[[ Information provided, beginning ]]

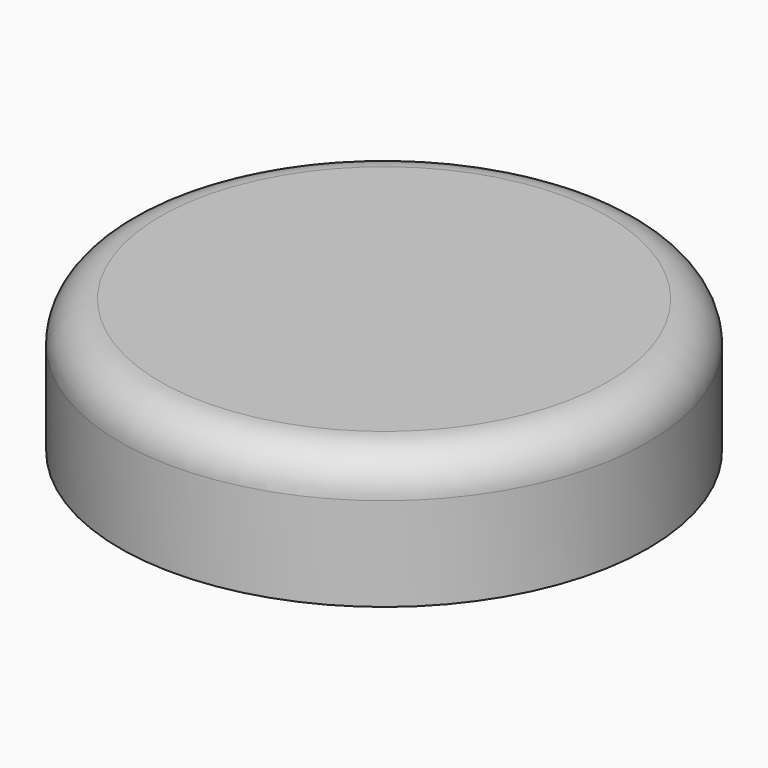
from build123d import *

# Parameters (mm, degrees)
F2_R     = 19.75
F2_R_2   = 17.75
F3_DEPTH = 10
F4_DEPTH = 7
F5_R     = 3


with BuildPart() as f3:
    # F2 (on Top) → F3 (new body)
    with BuildSketch(Plane.XY):
        Circle(F2_R)
        Circle(F2_R_2, mode=Mode.SUBTRACT)
        Circle(F2_R_2)
    extrude(amount=F3_DEPTH)

    # F2 (on Top) → F4 (cut)
    with BuildSketch(Plane.XY):
        Circle(F2_R_2)
    extrude(amount=F4_DEPTH, mode=Mode.SUBTRACT)

    # F5
    f5_edges = [f3.edges().sort_by_distance(p)[0] for p in [
        (-19.75, 0, 10),
    ]]
    fillet(f5_edges, radius=F5_R)


solid = f3.part
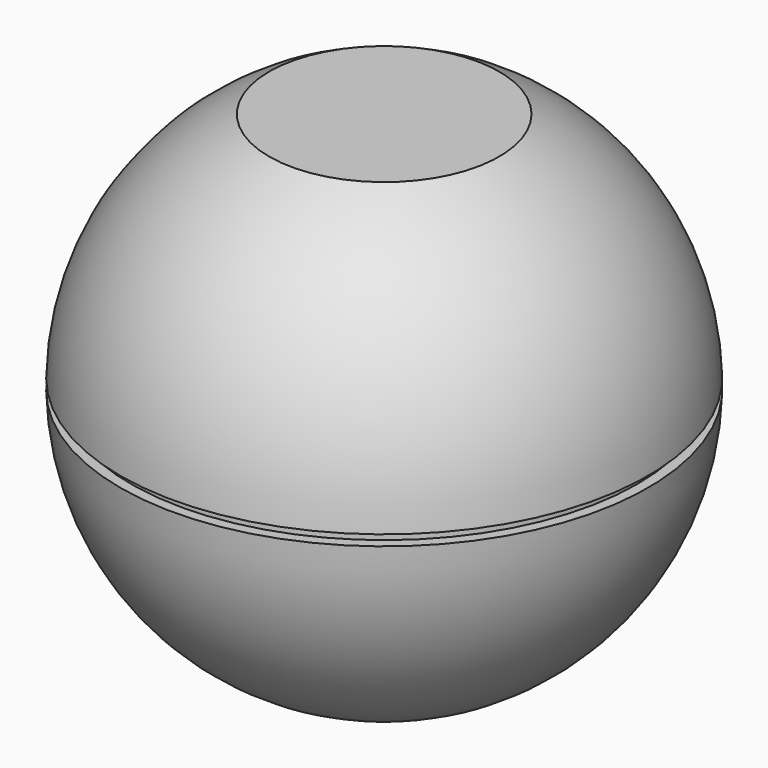
from build123d import *

# Parameters (mm, degrees)
F4_W          = 98.152165938
F4_H          = 19.5652123008
F5_DEPTH      = 25
F5_DEPTH_BACK = 25
F6_W          = 12.6501991157
F6_H          = 2


# Not quite as in the source:
# - a pattern or mirror of a feature is missing from the dataset's text; its kind, count and spacing are read off the source's solid


with BuildPart() as f1:
    # F0 (on Front) → F1 (revolve)
    with BuildSketch(Plane.XZ):
        with BuildLine():
            Line((0, -50), (0, 50))
            ThreePointArc((0, 50), (-50, 0), (0, -50))
        make_face()
    revolve(axis=Axis((0, 0, 0), (0, 0, -1)))

    # F2 (on Front) → F3 (revolve, cut)
    with BuildSketch(Plane.XZ):
        with BuildLine():
            Line((-55, 52.5), (-55, 7.5))
            ThreePointArc((-55, 7.5), (-32.5, 30), (-55, 52.5))
        make_face()
    revolve(axis=Axis((-55, 0, 30), (0, 0, -1)), mode=Mode.SUBTRACT)

    # F4 (on Front) → F5 (cut, two sides)
    with BuildSketch(Plane.XZ) as f5_sk:
        with Locations((0.7781628519, 54.7826061504)):
            Rectangle(F4_W, F4_H)
    f5 = extrude(amount=-F5_DEPTH, mode=Mode.SUBTRACT) + extrude(f5_sk.sketch, amount=F5_DEPTH_BACK, mode=Mode.SUBTRACT)

    # F5_copies: F5 across plane
    add(f5.mirror(Plane(origin=(0, 0, 0), x_dir=(-1, 0, 0), z_dir=(0, 0, -1))), mode=Mode.SUBTRACT)

    # F6 (on Front) → F7 (revolve, cut)
    with BuildSketch(Plane.XZ):
        with Locations((-54.3250995579, -0.0474521765)):
            Rectangle(F6_W, F6_H)
    revolve(axis=Axis((0, 0, 21.1794096977), (0, 0, 1)), mode=Mode.SUBTRACT)


solid = f1.part

[[ Information provided, end ]]

What is required —
Search the data for the string "Axis" and copy out every line where it is found.

Result of this exercise —
    revolve(axis=Axis((0, 0, 0), (0, 0, -1)))
    revolve(axis=Axis((-55, 0, 30), (0, 0, -1)), mode=Mode.SUBTRACT)
    revolve(axis=Axis((0, 0, 21.1794096977), (0, 0, 1)), mode=Mode.SUBTRACT)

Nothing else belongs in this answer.